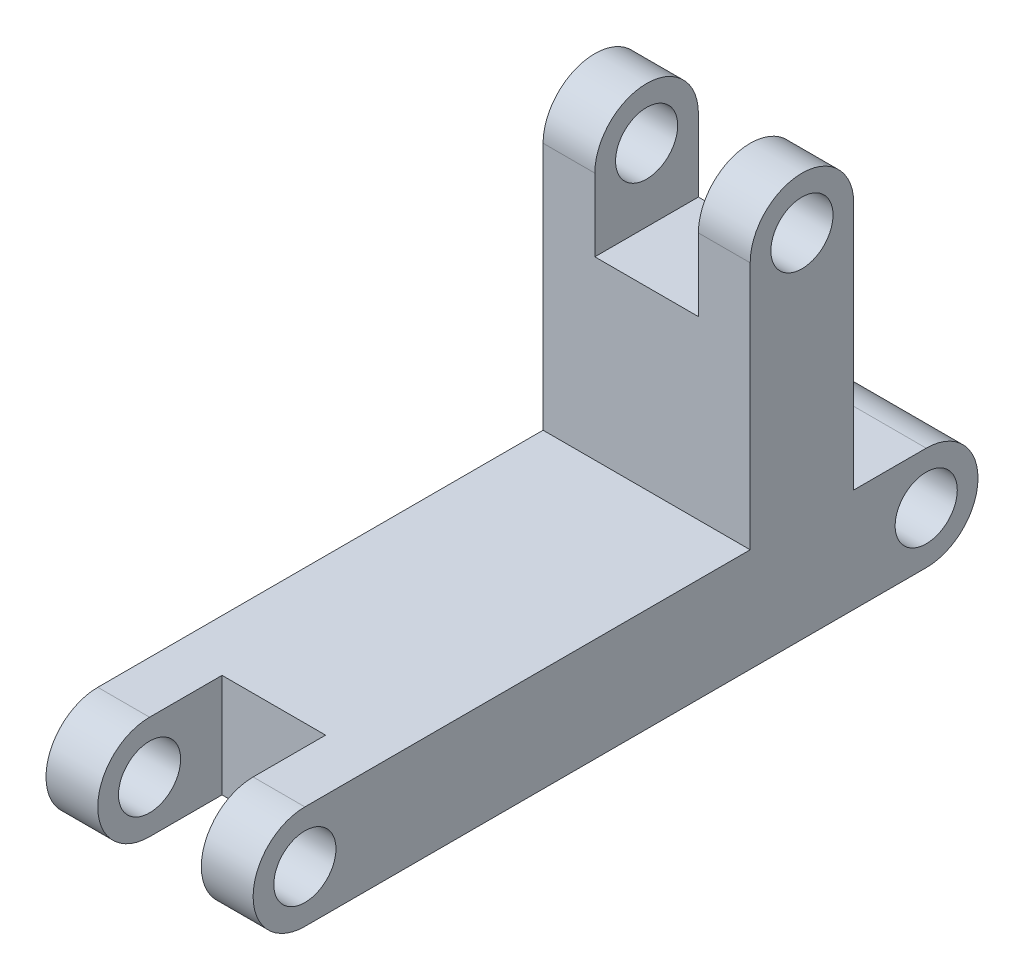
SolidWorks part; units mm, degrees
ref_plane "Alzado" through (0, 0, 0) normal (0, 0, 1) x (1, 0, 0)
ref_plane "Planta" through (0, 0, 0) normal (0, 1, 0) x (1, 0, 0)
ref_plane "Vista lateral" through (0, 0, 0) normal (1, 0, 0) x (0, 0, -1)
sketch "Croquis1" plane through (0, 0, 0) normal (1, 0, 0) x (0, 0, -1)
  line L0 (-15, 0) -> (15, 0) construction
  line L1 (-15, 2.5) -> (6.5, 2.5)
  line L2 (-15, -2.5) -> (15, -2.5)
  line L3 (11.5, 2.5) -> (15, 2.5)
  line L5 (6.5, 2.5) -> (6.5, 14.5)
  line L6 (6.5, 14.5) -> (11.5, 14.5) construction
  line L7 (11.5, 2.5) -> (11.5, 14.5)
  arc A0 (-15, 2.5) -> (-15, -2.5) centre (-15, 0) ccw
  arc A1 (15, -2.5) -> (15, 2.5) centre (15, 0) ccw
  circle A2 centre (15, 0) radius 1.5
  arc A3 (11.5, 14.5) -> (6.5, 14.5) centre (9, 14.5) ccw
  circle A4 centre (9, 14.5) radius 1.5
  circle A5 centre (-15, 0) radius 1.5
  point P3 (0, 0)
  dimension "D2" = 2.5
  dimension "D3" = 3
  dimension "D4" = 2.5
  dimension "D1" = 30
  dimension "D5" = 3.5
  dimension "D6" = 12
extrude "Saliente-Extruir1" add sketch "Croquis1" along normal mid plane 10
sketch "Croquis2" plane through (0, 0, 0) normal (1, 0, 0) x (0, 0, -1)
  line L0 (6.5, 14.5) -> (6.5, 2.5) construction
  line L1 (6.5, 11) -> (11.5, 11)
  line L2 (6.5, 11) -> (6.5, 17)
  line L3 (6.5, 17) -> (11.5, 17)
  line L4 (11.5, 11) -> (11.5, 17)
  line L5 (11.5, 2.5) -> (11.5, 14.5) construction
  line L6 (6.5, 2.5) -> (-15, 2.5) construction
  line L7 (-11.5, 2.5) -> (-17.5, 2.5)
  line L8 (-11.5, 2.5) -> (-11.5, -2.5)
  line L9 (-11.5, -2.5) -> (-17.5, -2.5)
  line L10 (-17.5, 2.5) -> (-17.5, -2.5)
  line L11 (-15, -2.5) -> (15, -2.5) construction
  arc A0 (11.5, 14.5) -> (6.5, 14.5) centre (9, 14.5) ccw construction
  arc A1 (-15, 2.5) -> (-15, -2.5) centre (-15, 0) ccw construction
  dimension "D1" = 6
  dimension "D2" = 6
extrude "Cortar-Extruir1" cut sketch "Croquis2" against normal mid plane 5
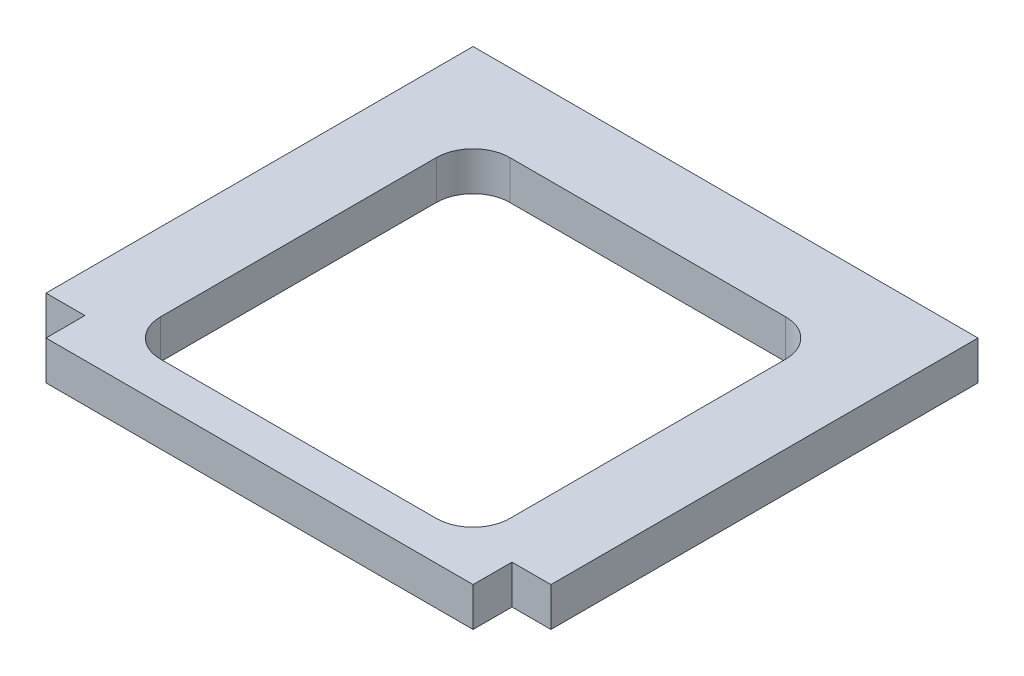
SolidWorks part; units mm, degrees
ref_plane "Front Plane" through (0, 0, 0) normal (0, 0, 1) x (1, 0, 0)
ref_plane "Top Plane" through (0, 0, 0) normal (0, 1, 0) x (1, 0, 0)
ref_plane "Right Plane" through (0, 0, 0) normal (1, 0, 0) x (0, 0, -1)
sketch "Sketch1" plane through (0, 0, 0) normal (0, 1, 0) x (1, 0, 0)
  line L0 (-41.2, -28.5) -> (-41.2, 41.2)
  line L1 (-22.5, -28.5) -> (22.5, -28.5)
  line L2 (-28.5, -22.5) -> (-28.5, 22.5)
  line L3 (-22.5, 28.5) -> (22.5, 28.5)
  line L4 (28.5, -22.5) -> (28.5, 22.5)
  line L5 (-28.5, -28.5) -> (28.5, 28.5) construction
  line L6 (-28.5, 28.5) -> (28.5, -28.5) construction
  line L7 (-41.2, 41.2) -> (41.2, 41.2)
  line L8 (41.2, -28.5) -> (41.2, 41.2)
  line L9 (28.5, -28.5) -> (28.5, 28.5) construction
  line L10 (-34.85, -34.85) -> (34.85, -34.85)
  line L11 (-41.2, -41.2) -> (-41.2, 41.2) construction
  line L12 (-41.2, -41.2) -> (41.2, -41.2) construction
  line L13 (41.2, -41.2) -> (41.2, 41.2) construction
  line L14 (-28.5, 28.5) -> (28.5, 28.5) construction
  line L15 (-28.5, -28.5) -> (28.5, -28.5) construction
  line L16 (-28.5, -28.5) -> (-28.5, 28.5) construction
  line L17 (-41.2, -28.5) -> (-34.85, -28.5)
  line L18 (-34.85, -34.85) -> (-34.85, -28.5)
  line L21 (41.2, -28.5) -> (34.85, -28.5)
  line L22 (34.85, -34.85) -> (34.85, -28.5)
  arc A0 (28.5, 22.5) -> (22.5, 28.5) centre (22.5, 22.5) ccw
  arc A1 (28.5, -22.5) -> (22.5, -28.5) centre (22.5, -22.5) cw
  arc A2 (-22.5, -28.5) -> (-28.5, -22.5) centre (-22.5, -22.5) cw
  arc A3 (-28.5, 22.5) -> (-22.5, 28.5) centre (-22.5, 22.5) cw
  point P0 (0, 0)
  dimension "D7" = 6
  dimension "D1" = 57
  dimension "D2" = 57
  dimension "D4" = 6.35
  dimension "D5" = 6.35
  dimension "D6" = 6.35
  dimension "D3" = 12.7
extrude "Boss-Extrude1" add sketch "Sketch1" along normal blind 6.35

**Description of the task:**
Copy each line from the data above that includes "extrude".

**Answer for the task:**
extrude "Saliente-Extruir1" add sketch "Croquis1" along normal mid plane 10
extrude "Cortar-Extruir1" cut sketch "Croquis2" against normal mid plane 5
extrude "Boss-Extrude1" add sketch "Sketch1" along normal blind 6.35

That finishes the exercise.